病身の猫にまだ救われている… 闘病中の愛猫のいつか来るその瞬間と飼い主の揺れ動く感情を描いた猫エッセイ【書評】
大事なペットが死ぬところなんて、想像もしたくないだろう。だが、いつかは必ず訪れる。『ポッケの旅支度』(イシデ電/KADOKAWA)は、愛猫が病気によって死に向かっていく過程と、それを見届ける飼い主の葛藤を丁寧に描いた漫画だ。 【漫画】本編を読む
著者であり飼い主のイシデ電さんは、2匹のネコを飼っている。オス猫がポッケで、メス猫がピップだ。2匹は同じお母さんから産まれたきょうだい猫であり、もうすぐ15歳になる。窓から入ってきた野良猫の2匹を引き取ったのが、一緒に暮らし始めたきっかけだ。
最初、イシデ電さんは2匹をドライに見ていた。子どもの頃から飼っていた“こぜ”という最愛の猫を亡くしており、やすやすと鞍替えしないと決めていたからだ。しかし、かわいい子猫を前に1カ月も経てば、その決心はどこへやら。漫画家の志村貴子さんに譲る予定を変えて、飼うことにしたのだった。
イシデ電さんの日常生活とともに、ポッケとピップの成長も描かれる。イシデ電さんと2匹の猫が、一緒にいて当然と言っていいほど深い絆で結ばれていることを象徴しているかのようだ。夜、同じ布団で寝るシーンがほほえましい。お互いになくてはならない存在で、イシデ電さんが2匹に深い愛情を注いでいるのが分かる。
ある日、ポッケの様子に異変が起こる。歩き方が変になり、痩せ始めてしまうのだ。診てもらうために、一旦ポッケを病院に預ける。帰ってから部屋で1人たたずむイシデ電さんの姿が虚無そのもので、読み手の心もざわざわする。ポッケの年齢を考えたら、寿命が近いと分かっているからだ。
ポッケは慢性腎不全と診断された。そこから、ポッケの闘病生活が始まる。ポッケのウンチの状態など病状の進行がひとつひとつ描写されていて、イシデ電さんがどんな変化だろうと見逃すまいとしていたのが伝わってくる。
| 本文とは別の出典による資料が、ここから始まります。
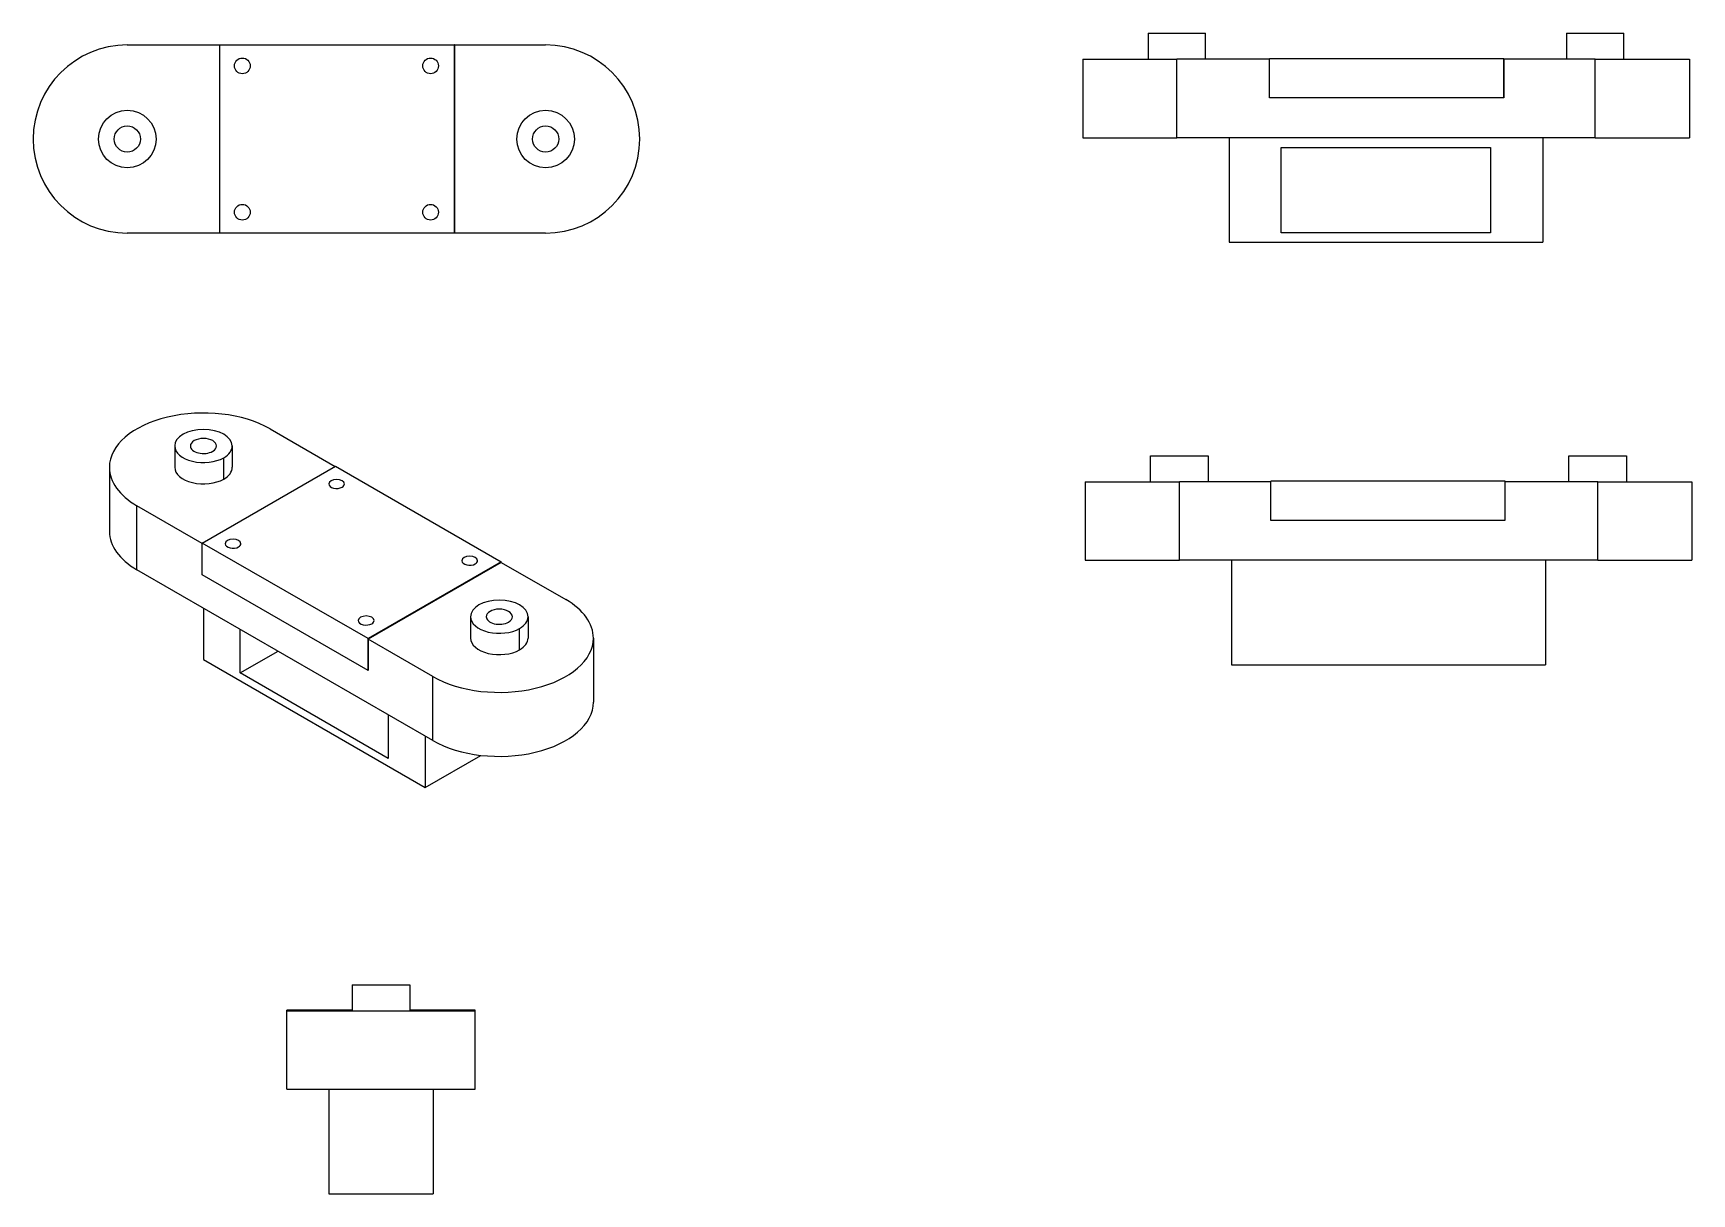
# Model space of a CAD drawing. Extents: x 43 to 360, y 39 to 261.
import ezdxf

# ---------------------------------------------------------------- set-up
doc = ezdxf.new("R2010")
doc.units = 0
for name, color, linetype in [('View', 7, 'CONTINUOUS'), ('View002', 7, 'CONTINUOUS'), ('View003', 7, 'CONTINUOUS'), ('View004', 7, 'CONTINUOUS'), ('View005', 7, 'CONTINUOUS')]:
    doc.layers.add(name, color=color, linetype=linetype)

msp = doc.modelspace()

# ---------------------------------------------------------------- linework, layer by layer
at = {"layer": 'View'}
for p, q in [((61.0019, 259.165), (78.693, 259.165)), ((78.693, 259.165), (123.502, 259.165)), ((78.693, 223.165), (78.693, 259.165)), ((123.548, 259.165), (123.502, 259.165)), ((123.502, 259.165), (123.502, 223.165)), ((123.548, 259.165), (141.002, 259.165)), ((123.548, 259.165), (123.548, 223.165)), ((78.693, 223.165), (61.0019, 223.165)), ((123.502, 223.165), (78.693, 223.165)), ((123.548, 223.165), (123.502, 223.165)), ((141.002, 223.165), (123.548, 223.165))]:
    msp.add_line(p, q, dxfattribs=at)
for centre, radius in [((83.0019, 255.165), 1.5), ((119.002, 255.165), 1.5), ((61.0019, 241.165), 5.5), ((141.002, 241.165), 5.5), ((61.0019, 241.165), 2.5), ((141.002, 241.165), 2.5), ((83.0019, 227.165), 1.5), ((119.002, 227.165), 1.5)]:
    msp.add_circle(centre, radius, dxfattribs=at)
for centre, start, end in [((61.0019, 241.165), 90, -90), ((141.002, 241.165), -90, 90)]:
    msp.add_arc(centre, 18, start, end, dxfattribs=at)
at = {"layer": 'View002'}
for p, q in [((104.018, 79.3908), (104.018, 74.3908)), ((115.018, 79.3908), (115.018, 74.3908)), ((91.5178, 74.3908), (91.5178, 74.4977)), ((104.018, 74.4977), (91.5178, 74.4977)), ((91.5178, 59.3908), (91.5178, 74.3908)), ((127.518, 74.4977), (115.018, 74.4977)), ((127.518, 74.3908), (127.518, 74.4977)), ((127.518, 59.3908), (127.518, 74.3908)), ((99.5178, 59.3908), (99.5178, 39.3908)), ((119.518, 59.3908), (119.518, 39.3908)), ((99.5178, 39.3908), (119.518, 39.3908))]:
    msp.add_line(p, q, dxfattribs=at)
for points in [[(104.018, 79.3908), (104.156, 79.3908), (104.562, 79.3908), (105.218, 79.3908), (106.089, 79.3908), (107.131, 79.3908), (108.294, 79.3908), (109.518, 79.3908), (110.742, 79.3908), (111.904, 79.3908), (112.947, 79.3908), (113.818, 79.3908), (114.473, 79.3908), (114.88, 79.3908), (115.018, 79.3908)], [(91.5178, 74.3908), (91.9691, 74.3908), (93.3003, 74.3908), (95.4448, 74.3908), (98.2949, 74.3908), (101.708, 74.3908), (105.512, 74.3908), (109.518, 74.3908), (113.523, 74.3908), (117.328, 74.3908), (120.741, 74.3908), (123.591, 74.3908), (125.735, 74.3908), (127.066, 74.3908), (127.518, 74.3908)], [(91.5178, 59.3908), (91.9691, 59.3908), (93.3003, 59.3908), (95.4448, 59.3908), (98.2949, 59.3908), (101.708, 59.3908), (105.512, 59.3908), (109.518, 59.3908), (113.523, 59.3908), (117.328, 59.3908), (120.741, 59.3908), (123.591, 59.3908), (125.735, 59.3908), (127.066, 59.3908), (127.518, 59.3908)]]:
    msp.add_open_spline(points, degree=1, knots=[1.5708, 1.5708, 1.7952, 2.0196, 2.24399, 2.46839, 2.69279, 2.91719, 3.14159, 3.36599, 3.59039, 3.81479, 4.03919, 4.26359, 4.48799, 4.71239, 4.71239], dxfattribs=at)
at = {"layer": 'View003'}
for p, q in [((88.2965, 185.717), (100.73, 178.538)), ((70.0685, 182.451), (70.0685, 178.368)), ((81.0685, 182.451), (81.0685, 178.368)), ((57.5685, 178.368), (57.5685, 166.121)), ((75.3502, 163.885), (100.806, 178.582)), ((79.4576, 176.123), (79.4576, 180.205)), ((100.806, 178.582), (132.491, 160.288)), ((75.3502, 163.797), (62.8406, 171.02)), ((62.8406, 158.772), (62.8406, 171.02)), ((75.3502, 163.797), (75.3502, 163.885)), ((107.035, 145.592), (75.3502, 163.885)), ((75.3502, 157.802), (75.3502, 163.797)), ((119.409, 126.112), (62.8406, 158.772)), ((132.491, 160.288), (107.035, 145.592)), ((132.523, 160.182), (107.067, 145.485)), ((132.491, 160.164), (132.491, 160.288)), ((132.523, 160.182), (144.865, 153.057)), ((107.035, 139.509), (75.3502, 157.802)), ((75.5685, 151.424), (75.5685, 141.626)), ((126.637, 149.791), (126.637, 145.708)), ((137.637, 149.791), (137.637, 145.708)), ((82.6083, 139.026), (82.6083, 147.359)), ((136.026, 143.463), (136.026, 147.545)), ((82.6083, 139.026), (89.825, 143.193)), ((107.035, 139.509), (107.035, 145.592)), ((107.067, 145.485), (107.067, 139.49)), ((119.409, 138.36), (107.067, 145.485)), ((150.137, 145.708), (150.137, 133.461)), ((75.5685, 141.626), (117.995, 117.131)), ((110.893, 122.696), (82.6083, 139.026)), ((107.067, 139.527), (107.035, 139.509)), ((107.067, 139.49), (107.035, 139.509)), ((119.409, 126.112), (119.409, 138.36)), ((110.893, 131.029), (110.893, 122.696)), ((117.995, 126.929), (117.995, 117.131)), ((117.995, 117.131), (128.625, 123.268))]:
    msp.add_line(p, q, dxfattribs=at)
for centre, major_axis, start_param, end_param in [((75.5685, 178.368), (18, 0), 0.785398, 3.14159), ((75.5685, 182.451), (5.5, 0), 0, 3.14159), ((75.5685, 182.451), (5.5, 0), 3.14159, 5.49779), ((75.5685, 182.451), (2.5, 0), 0, 3.14159), ((75.5685, 182.451), (2.5, 0), 3.14159, 5.49779), ((75.5685, 182.451), (2.5, 0), 5.49779, 0), ((75.5685, 182.451), (5.5, 0), 5.49779, 0), ((75.5685, 178.368), (18, 0), 3.14159, 3.92699), ((75.5685, 178.368), (5.5, 0), 3.14159, 5.49779), ((75.5685, 178.368), (5.5, 0), 5.49779, 0), ((101.024, 175.19), (1.5, 0), 0, 3.14159), ((101.024, 175.19), (1.5, 0), 3.14159, 5.49779), ((101.024, 175.19), (1.5, 0), 5.49779, 0), ((75.5685, 166.121), (18, 0), 3.14159, 3.92699), ((81.2254, 163.759), (1.5, 0), 0, 3.14159), ((81.2254, 163.759), (1.5, 0), 3.14159, 5.49779), ((81.2254, 163.759), (1.5, 0), 5.49779, 0), ((126.48, 160.493), (1.5, 0), 0, 3.14159), ((126.48, 160.493), (1.5, 0), 3.14159, 5.49779), ((126.48, 160.493), (1.5, 0), 5.49779, 0), ((132.137, 149.791), (5.5, 0), 0, 3.14159), ((132.137, 145.708), (18, 0), 0, 0.785398), ((106.681, 149.062), (1.5, 0), 0, 3.14159), ((132.137, 149.791), (5.5, 0), 3.14159, 5.49779), ((132.137, 149.791), (2.5, 0), 0, 3.14159), ((132.137, 149.791), (2.5, 0), 3.14159, 5.49779), ((132.137, 149.791), (2.5, 0), 5.49779, 0), ((132.137, 149.791), (5.5, 0), 5.49779, 0), ((106.681, 149.062), (1.5, 0), 3.14159, 5.49779), ((106.681, 149.062), (1.5, 0), 5.49779, 0), ((132.137, 145.708), (18, 0), 3.92699, 0), ((132.137, 145.708), (5.5, 0), 3.14159, 5.49779), ((132.137, 145.708), (5.5, 0), 5.49779, 0), ((132.137, 133.461), (18, 0), 3.92699, 0)]:
    msp.add_ellipse(centre, major_axis=major_axis, ratio=0.57735, start_param=start_param, end_param=end_param, dxfattribs=at)
at = {"layer": 'View004'}
for p, q in [((256.226, 261.418), (256.226, 256.418)), ((267.226, 256.418), (267.226, 261.418)), ((336.226, 261.418), (336.226, 256.418)), ((347.226, 256.418), (347.226, 261.418)), ((243.726, 256.418), (243.726, 241.418)), ((279.417, 256.418), (261.726, 256.418)), ((261.726, 241.418), (261.726, 256.418)), ((279.417, 256.418), (279.417, 256.525)), ((324.226, 256.525), (279.417, 256.525)), ((279.417, 249.075), (279.417, 256.418)), ((324.226, 249.075), (324.226, 256.525)), ((324.272, 256.418), (324.272, 249.075)), ((341.726, 256.418), (324.272, 256.418)), ((341.726, 241.418), (341.726, 256.418)), ((359.726, 256.418), (359.726, 241.418)), ((324.226, 249.075), (279.417, 249.075)), ((324.272, 249.075), (324.226, 249.075)), ((341.726, 241.418), (261.726, 241.418)), ((271.726, 241.418), (271.726, 221.418)), ((331.726, 241.418), (331.726, 221.418)), ((281.682, 223.212), (281.682, 239.547)), ((281.682, 239.547), (321.682, 239.547)), ((321.682, 239.547), (321.682, 223.212)), ((321.682, 223.212), (281.682, 223.212)), ((271.726, 221.418), (331.726, 221.418))]:
    msp.add_line(p, q, dxfattribs=at)
for points in [[(256.226, 261.418), (256.364, 261.418), (256.771, 261.418), (257.426, 261.418), (258.297, 261.418), (259.34, 261.418), (260.502, 261.418), (261.726, 261.418), (262.95, 261.418), (264.112, 261.418), (265.155, 261.418), (266.026, 261.418), (266.681, 261.418), (267.088, 261.418), (267.226, 261.418)], [(336.226, 261.418), (336.364, 261.418), (336.771, 261.418), (337.426, 261.418), (338.297, 261.418), (339.34, 261.418), (340.502, 261.418), (341.726, 261.418), (342.95, 261.418), (344.112, 261.418), (345.155, 261.418), (346.026, 261.418), (346.681, 261.418), (347.088, 261.418), (347.226, 261.418)], [(243.726, 256.418), (243.839, 256.418), (244.177, 256.418), (244.736, 256.418), (245.509, 256.418), (246.485, 256.418), (247.653, 256.418), (248.998, 256.418), (250.503, 256.418), (252.15, 256.418), (253.916, 256.418), (255.781, 256.418), (257.721, 256.418), (259.711, 256.418), (261.726, 256.418)], [(341.726, 256.418), (343.741, 256.418), (345.732, 256.418), (347.671, 256.418), (349.536, 256.418), (351.303, 256.418), (352.949, 256.418), (354.454, 256.418), (355.799, 256.418), (356.967, 256.418), (357.944, 256.418), (358.716, 256.418), (359.275, 256.418), (359.613, 256.418), (359.726, 256.418)], [(243.726, 241.418), (243.839, 241.418), (244.177, 241.418), (244.736, 241.418), (245.509, 241.418), (246.485, 241.418), (247.653, 241.418), (248.998, 241.418), (250.503, 241.418), (252.15, 241.418), (253.916, 241.418), (255.781, 241.418), (257.721, 241.418), (259.711, 241.418), (261.726, 241.418)], [(341.726, 241.418), (343.741, 241.418), (345.732, 241.418), (347.671, 241.418), (349.536, 241.418), (351.303, 241.418), (352.949, 241.418), (354.454, 241.418), (355.799, 241.418), (356.967, 241.418), (357.944, 241.418), (358.716, 241.418), (359.275, 241.418), (359.613, 241.418), (359.726, 241.418)]]:
    msp.add_open_spline(points, degree=1, dxfattribs=at)
at = {"layer": 'View005'}
for p, q in [((256.698, 175.592), (256.698, 180.592)), ((267.698, 180.592), (267.698, 175.592)), ((336.698, 175.592), (336.698, 180.592)), ((347.698, 180.592), (347.698, 175.592)), ((244.198, 175.592), (244.198, 160.592)), ((279.652, 175.592), (262.198, 175.592)), ((262.198, 160.592), (262.198, 175.592)), ((279.652, 175.592), (279.652, 168.249)), ((279.698, 168.249), (279.698, 175.699)), ((324.507, 175.699), (279.698, 175.699)), ((324.507, 175.592), (324.507, 175.699)), ((324.507, 168.249), (324.507, 175.592)), ((342.198, 175.592), (324.507, 175.592)), ((342.198, 160.592), (342.198, 175.592)), ((360.198, 175.592), (360.198, 160.592)), ((279.652, 168.249), (279.698, 168.249)), ((279.698, 168.249), (324.507, 168.249)), ((342.198, 160.592), (262.198, 160.592)), ((272.198, 160.592), (272.198, 140.592)), ((332.198, 160.592), (332.198, 140.592)), ((272.198, 140.592), (332.198, 140.592))]:
    msp.add_line(p, q, dxfattribs=at)
for points, knots in [([(256.698, 180.592), (256.836, 180.592), (257.243, 180.592), (257.898, 180.592), (258.769, 180.592), (259.812, 180.592), (260.975, 180.592), (262.198, 180.592), (263.422, 180.592), (264.585, 180.592), (265.628, 180.592), (266.499, 180.592), (267.154, 180.592), (267.561, 180.592), (267.698, 180.592)], [0, 0, 0.224399, 0.448799, 0.673198, 0.897598, 1.122, 1.3464, 1.5708, 1.7952, 2.0196, 2.24399, 2.46839, 2.69279, 2.91719, 3.14159, 3.14159]), ([(336.698, 180.592), (336.836, 180.592), (337.243, 180.592), (337.898, 180.592), (338.769, 180.592), (339.812, 180.592), (340.975, 180.592), (342.198, 180.592), (343.422, 180.592), (344.585, 180.592), (345.628, 180.592), (346.499, 180.592), (347.154, 180.592), (347.561, 180.592), (347.698, 180.592)], [0, 0, 0.224399, 0.448799, 0.673198, 0.897598, 1.122, 1.3464, 1.5708, 1.7952, 2.0196, 2.24399, 2.46839, 2.69279, 2.91719, 3.14159, 3.14159]), ([(244.198, 175.592), (244.312, 175.592), (244.65, 175.592), (245.209, 175.592), (245.981, 175.592), (246.957, 175.592), (248.126, 175.592), (249.471, 175.592), (250.976, 175.592), (252.622, 175.592), (254.389, 175.592), (256.253, 175.592), (258.193, 175.592), (260.183, 175.592), (262.198, 175.592)], [6.28319, 6.28319, 6.39539, 6.50758, 6.61978, 6.73198, 6.84418, 6.95638, 7.06858, 7.18078, 7.29298, 7.40518, 7.51738, 7.62958, 7.74178, 7.85398, 7.85398]), ([(342.198, 175.592), (344.214, 175.592), (346.204, 175.592), (348.143, 175.592), (350.008, 175.592), (351.775, 175.592), (353.421, 175.592), (354.926, 175.592), (356.271, 175.592), (357.44, 175.592), (358.416, 175.592), (359.188, 175.592), (359.747, 175.592), (360.085, 175.592), (360.198, 175.592)], [1.5708, 1.5708, 1.683, 1.7952, 1.9074, 2.0196, 2.1318, 2.24399, 2.35619, 2.46839, 2.58059, 2.69279, 2.80499, 2.91719, 3.02939, 3.14159, 3.14159]), ([(244.198, 160.592), (244.312, 160.592), (244.65, 160.592), (245.209, 160.592), (245.981, 160.592), (246.957, 160.592), (248.126, 160.592), (249.471, 160.592), (250.976, 160.592), (252.622, 160.592), (254.389, 160.592), (256.253, 160.592), (258.193, 160.592), (260.183, 160.592), (262.198, 160.592)], [6.28319, 6.28319, 6.39539, 6.50758, 6.61978, 6.73198, 6.84418, 6.95638, 7.06858, 7.18078, 7.29298, 7.40518, 7.51738, 7.62958, 7.74178, 7.85398, 7.85398]), ([(342.198, 160.592), (344.214, 160.592), (346.204, 160.592), (348.143, 160.592), (350.008, 160.592), (351.775, 160.592), (353.421, 160.592), (354.926, 160.592), (356.271, 160.592), (357.44, 160.592), (358.416, 160.592), (359.188, 160.592), (359.747, 160.592), (360.085, 160.592), (360.198, 160.592)], [1.5708, 1.5708, 1.683, 1.7952, 1.9074, 2.0196, 2.1318, 2.24399, 2.35619, 2.46839, 2.58059, 2.69279, 2.80499, 2.91719, 3.02939, 3.14159, 3.14159])]:
    msp.add_open_spline(points, degree=1, knots=knots, dxfattribs=at)

doc.saveas('drawing.dxf')

ポッケが、もうすぐ死んでしまうかもしれない。いつの間にか読み手は、不安や悲しみを感じるイシデ電さんに深く感情移入しているのだ。ポッケたちとの生活を丁寧に描いているからこそ、そこには体温を感じさせるような生活感とリアリティが生まれている。 本作は弱っていくポッケを看病する様子だけではなく、イシデ電さんの感情の揺れ動きにも焦点が当たっている。もしポッケが死んでしまったら、受け止められるんだろうか。イシデ電さんの苦しくてやるせない心情が伝わってくる。同じようにペットが病気になった経験がある人なら、きっと痛いほど共感できるだろう。